**Activity:** Search the records below for the string "diagram", and report each line that contains it.

**Input data:**
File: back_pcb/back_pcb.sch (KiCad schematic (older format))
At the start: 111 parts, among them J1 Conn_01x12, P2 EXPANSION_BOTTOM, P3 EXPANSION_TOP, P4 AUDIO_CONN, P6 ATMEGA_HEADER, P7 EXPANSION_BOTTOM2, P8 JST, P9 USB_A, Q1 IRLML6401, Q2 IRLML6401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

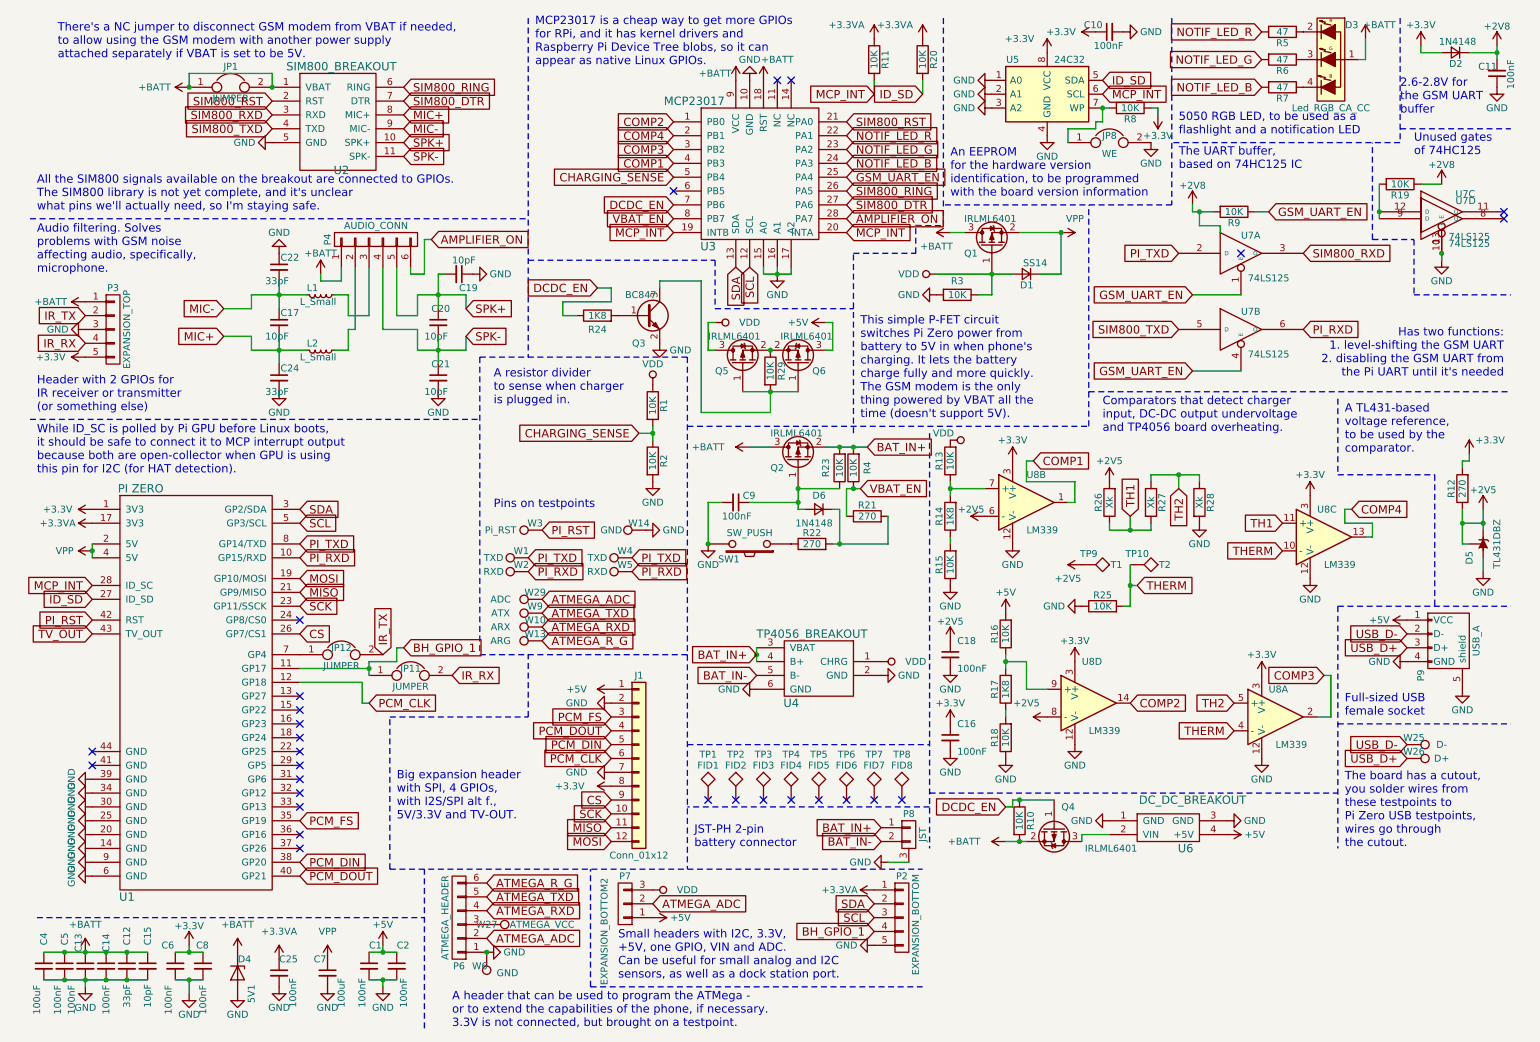
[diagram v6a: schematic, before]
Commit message: Changes towards Delta-B #69 #68 #67 #66 #64 #65 #63
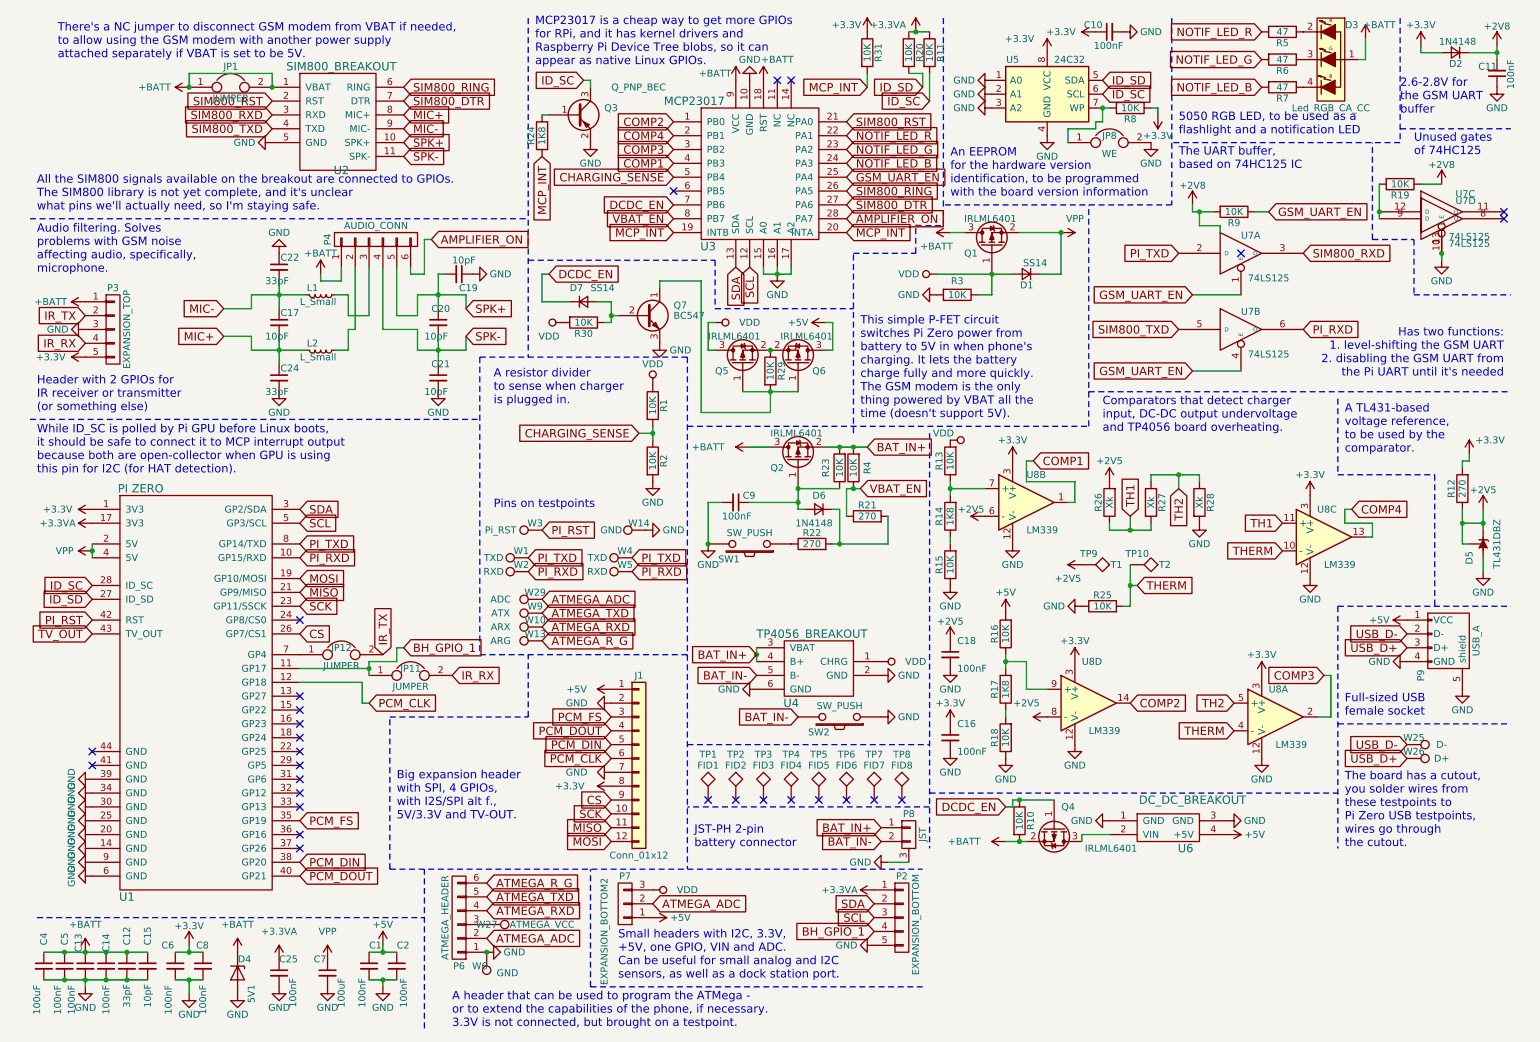
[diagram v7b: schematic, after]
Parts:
- removed Q3: BC847, common-footprints:BC847B-SOT-23_Handsoldering, symbol BC847
- added D7: SS14, Diodes_SMD:D_MiniMELF_Handsoldering, symbol D_Small
- added Q3: Q_PNP_BEC, TO_SOT_Packages_SMD:SOT-23_Handsoldering, symbol Q_PNP_BEC
- added Q7: BC547, common-footprints:BC847B-SOT-23_Handsoldering, symbol BC547
- added R30, R31: 10K, common-footprints:R_0805_10K_HandSoldering, symbol R
- added SW2: SW_PUSH, common-footprints:SW_SPST_EVQPE1, symbol SW_PUSH
- R12: footprint Resistors_SMD:R_0603_HandSoldering -> Resistors_SMD:R_0805_HandSoldering
- SW1: footprint footprints:SW_SPST_EVQPE1 -> common-footprints:SW_SPST_EVQPE1
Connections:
- net +3V3: now also R31.1
- net BAT_IN-: now also SW2.2
- net DCDC_EN: now also D7.1 (K); no longer R24.1
- net GND: now also Q3.2 (E), Q7.3 (E), SW2.1
- net MCP_INT: now also R24.1, R31.2; no longer R11.2, U1.28 (ID_SC), U5.6 (SCL)
- net VDD: now also R30.2
- net at Q5.1 (G), Q6.1 (G), R29.2: now also Q7.1 (C)
- net at R24.2: now also Q3.1 (B)
- new net: D7.2 (A), Q7.2 (B), R30.1
- new net ID_SC: Q3.3 (C), R11.2, U1.28 (ID_SC), U5.6 (SCL)
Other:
- moved on the sheet: R11, R20

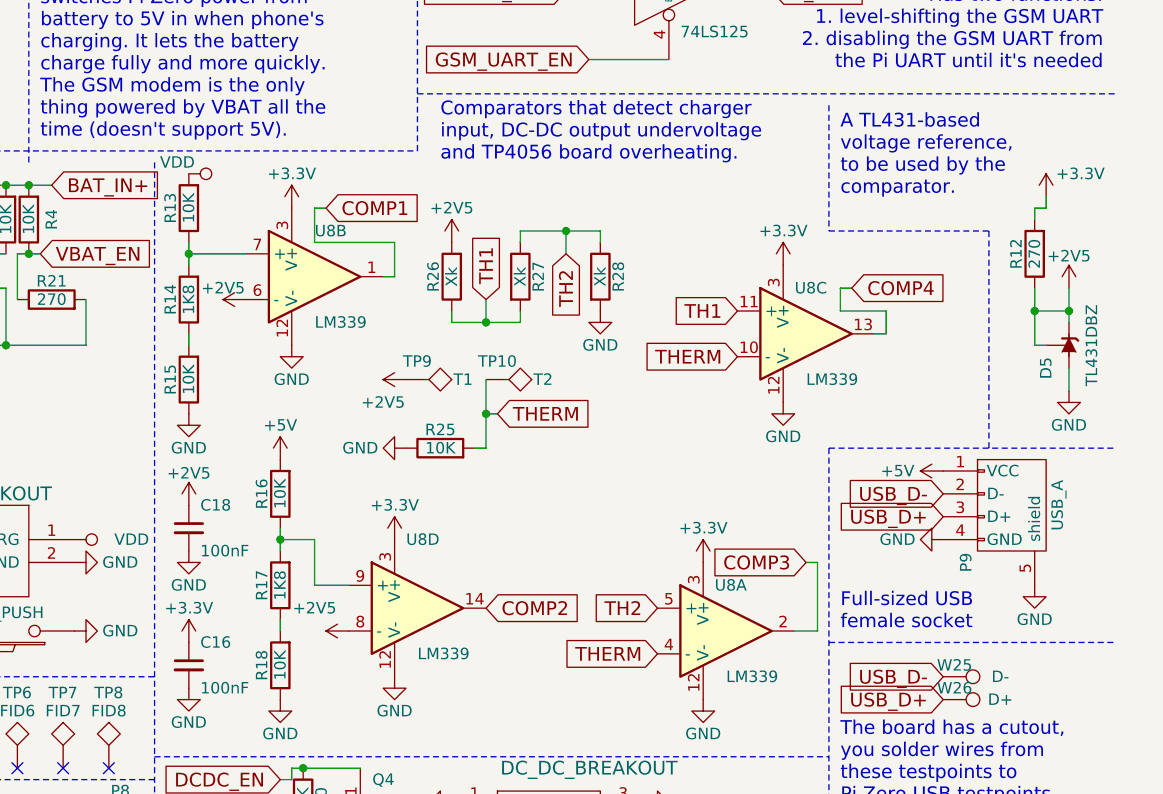
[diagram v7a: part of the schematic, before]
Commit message: Comparator reference now 1V2, changing text a little bit
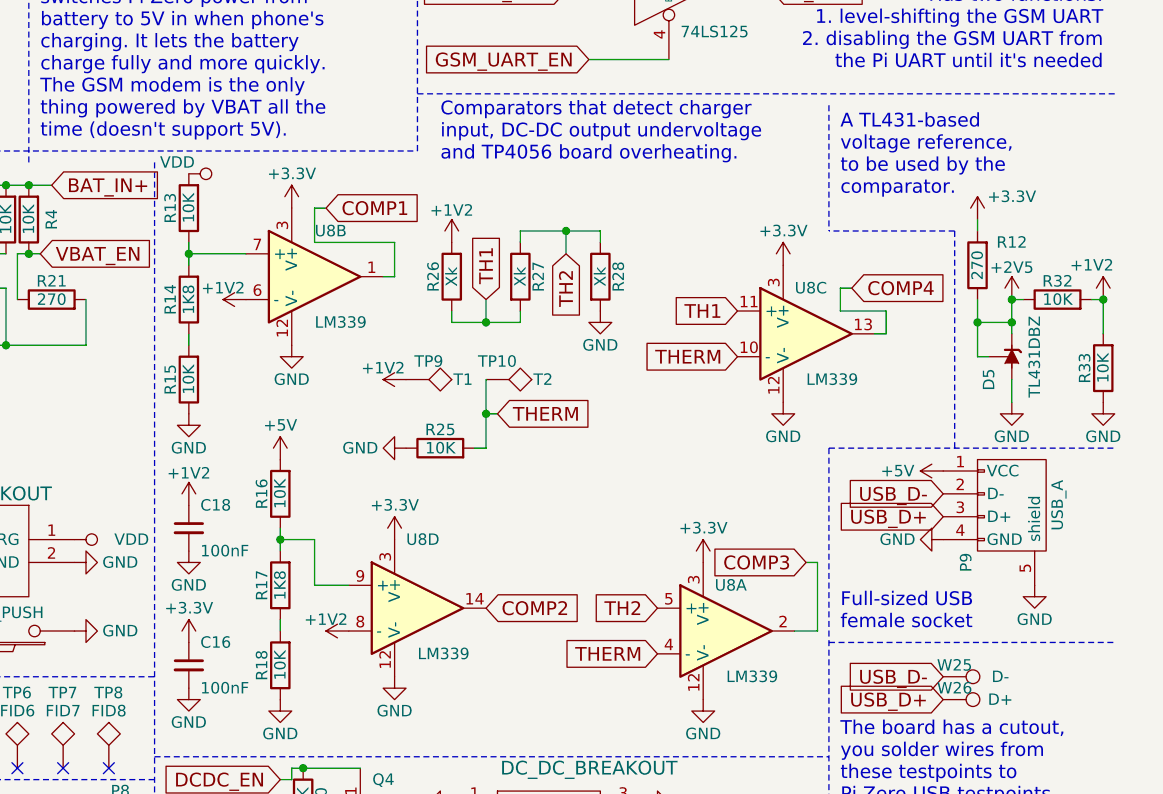
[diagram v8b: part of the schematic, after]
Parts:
- added R32, R33: 10K, common-footprints:R_0805_10K_HandSoldering, symbol R
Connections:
- net +2V5: now also R32.1; no longer C18.1, R26.2, TP9.1, U8.6 (-), U8.8 (-)
- net GND: now also R33.1
- new net +1V2: C18.1, R26.2, R32.2, R33.2, TP9.1, U8.6 (-), U8.8 (-)
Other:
- moved on the sheet: D5, R12

**Result below:**
[diagram v6a: schematic, before]
[diagram v7b: schematic, after]
[diagram v7a: part of the schematic, before]
[diagram v8b: part of the schematic, after]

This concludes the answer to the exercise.